- **WHAT THE TASK REQUIRES**
Compute the number of lines in the following data that include the word "linetypes", and output that number alone.

--- DATA SHOWN ---

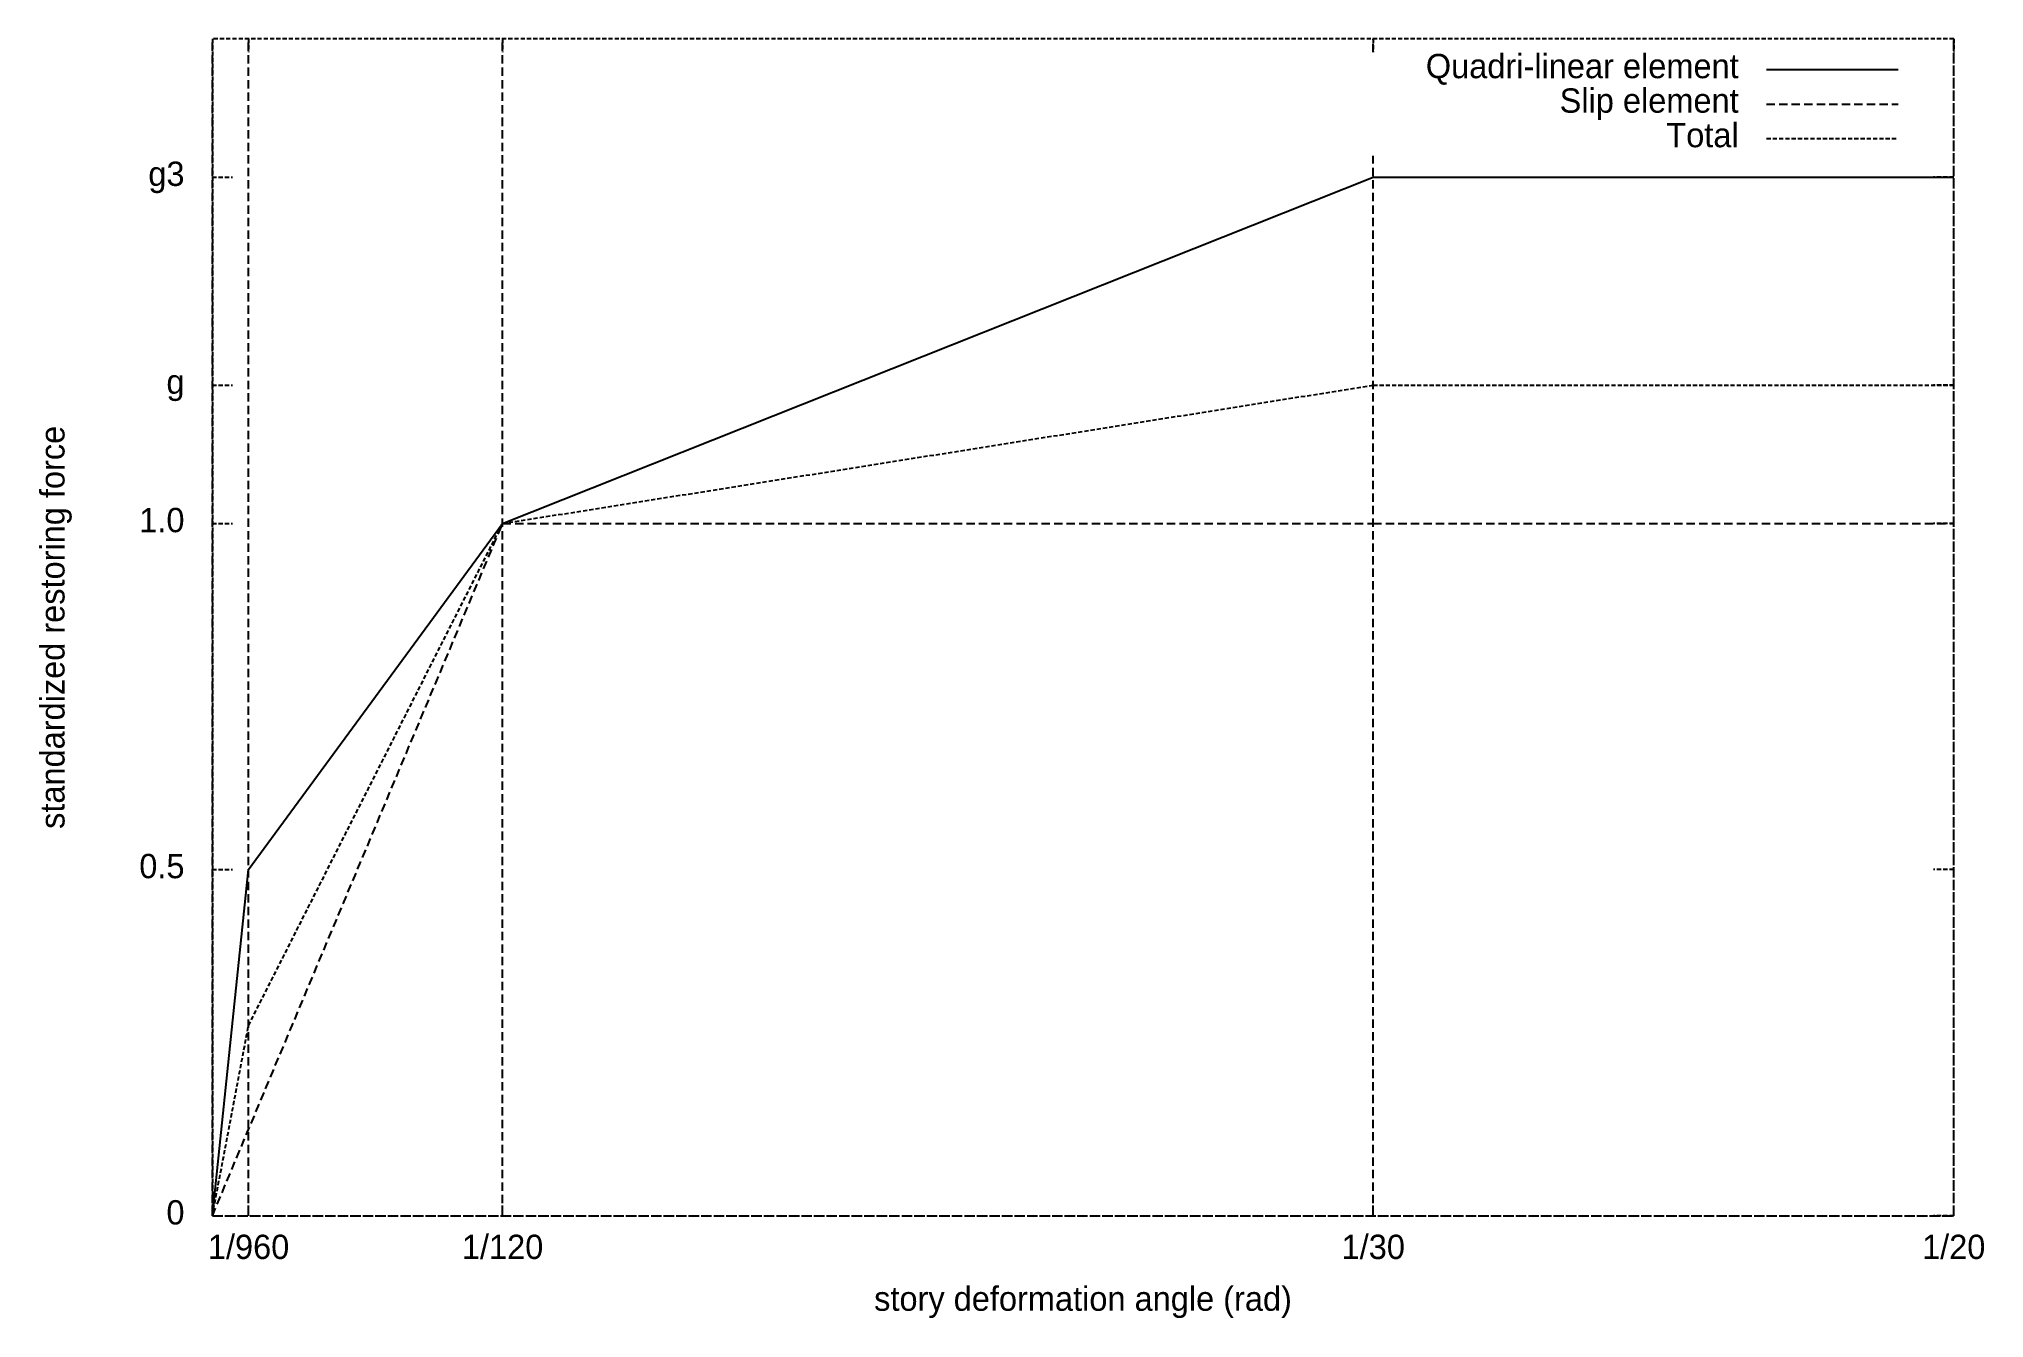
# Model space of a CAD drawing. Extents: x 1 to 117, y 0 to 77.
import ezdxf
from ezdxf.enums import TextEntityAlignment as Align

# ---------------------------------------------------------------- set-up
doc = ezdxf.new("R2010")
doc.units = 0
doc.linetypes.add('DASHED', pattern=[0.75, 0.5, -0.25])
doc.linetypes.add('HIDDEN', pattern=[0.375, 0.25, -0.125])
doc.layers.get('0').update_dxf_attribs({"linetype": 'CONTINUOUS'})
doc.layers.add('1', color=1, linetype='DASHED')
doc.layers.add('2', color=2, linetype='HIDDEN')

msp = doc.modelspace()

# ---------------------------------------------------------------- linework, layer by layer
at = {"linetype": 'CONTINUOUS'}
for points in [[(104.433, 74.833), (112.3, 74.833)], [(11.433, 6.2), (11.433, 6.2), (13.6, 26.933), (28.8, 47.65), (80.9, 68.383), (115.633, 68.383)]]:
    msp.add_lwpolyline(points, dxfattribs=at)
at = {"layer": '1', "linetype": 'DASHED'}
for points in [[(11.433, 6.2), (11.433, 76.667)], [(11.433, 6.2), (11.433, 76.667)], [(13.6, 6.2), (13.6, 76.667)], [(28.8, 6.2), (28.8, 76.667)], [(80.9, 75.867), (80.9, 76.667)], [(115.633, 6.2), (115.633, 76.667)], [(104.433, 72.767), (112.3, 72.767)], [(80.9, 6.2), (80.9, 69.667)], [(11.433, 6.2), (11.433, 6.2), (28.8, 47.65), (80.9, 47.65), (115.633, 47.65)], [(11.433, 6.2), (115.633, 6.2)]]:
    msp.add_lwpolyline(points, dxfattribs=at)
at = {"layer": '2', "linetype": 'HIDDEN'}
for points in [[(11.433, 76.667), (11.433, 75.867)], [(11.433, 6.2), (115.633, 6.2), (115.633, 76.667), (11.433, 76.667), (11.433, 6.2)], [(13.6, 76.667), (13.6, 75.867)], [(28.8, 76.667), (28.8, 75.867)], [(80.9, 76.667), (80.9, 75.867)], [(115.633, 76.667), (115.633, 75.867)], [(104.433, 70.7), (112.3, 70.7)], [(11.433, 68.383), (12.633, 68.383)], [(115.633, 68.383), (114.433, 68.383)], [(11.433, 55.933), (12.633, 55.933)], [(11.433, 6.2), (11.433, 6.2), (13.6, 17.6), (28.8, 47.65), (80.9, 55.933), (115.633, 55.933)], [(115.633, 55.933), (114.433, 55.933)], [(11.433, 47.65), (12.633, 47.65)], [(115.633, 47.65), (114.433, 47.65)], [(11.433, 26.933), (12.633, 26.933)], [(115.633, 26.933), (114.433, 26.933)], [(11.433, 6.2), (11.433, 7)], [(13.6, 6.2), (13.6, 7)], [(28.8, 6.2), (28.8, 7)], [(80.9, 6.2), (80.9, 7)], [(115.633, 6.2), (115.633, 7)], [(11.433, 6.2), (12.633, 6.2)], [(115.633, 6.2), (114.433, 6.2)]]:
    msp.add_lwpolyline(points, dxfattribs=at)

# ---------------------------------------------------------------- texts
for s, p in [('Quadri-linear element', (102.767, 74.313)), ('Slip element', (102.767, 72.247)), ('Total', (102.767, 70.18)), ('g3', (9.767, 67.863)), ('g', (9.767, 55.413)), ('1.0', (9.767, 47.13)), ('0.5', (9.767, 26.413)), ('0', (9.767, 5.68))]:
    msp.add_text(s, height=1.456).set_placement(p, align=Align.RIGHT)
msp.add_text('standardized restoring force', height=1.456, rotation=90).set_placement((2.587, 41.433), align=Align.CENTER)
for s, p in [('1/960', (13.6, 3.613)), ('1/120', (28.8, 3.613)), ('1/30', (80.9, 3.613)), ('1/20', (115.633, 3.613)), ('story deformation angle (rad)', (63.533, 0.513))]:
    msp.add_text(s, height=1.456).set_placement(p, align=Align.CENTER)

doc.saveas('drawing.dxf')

---

- **SOLUTION TO THE EXERCISE**
2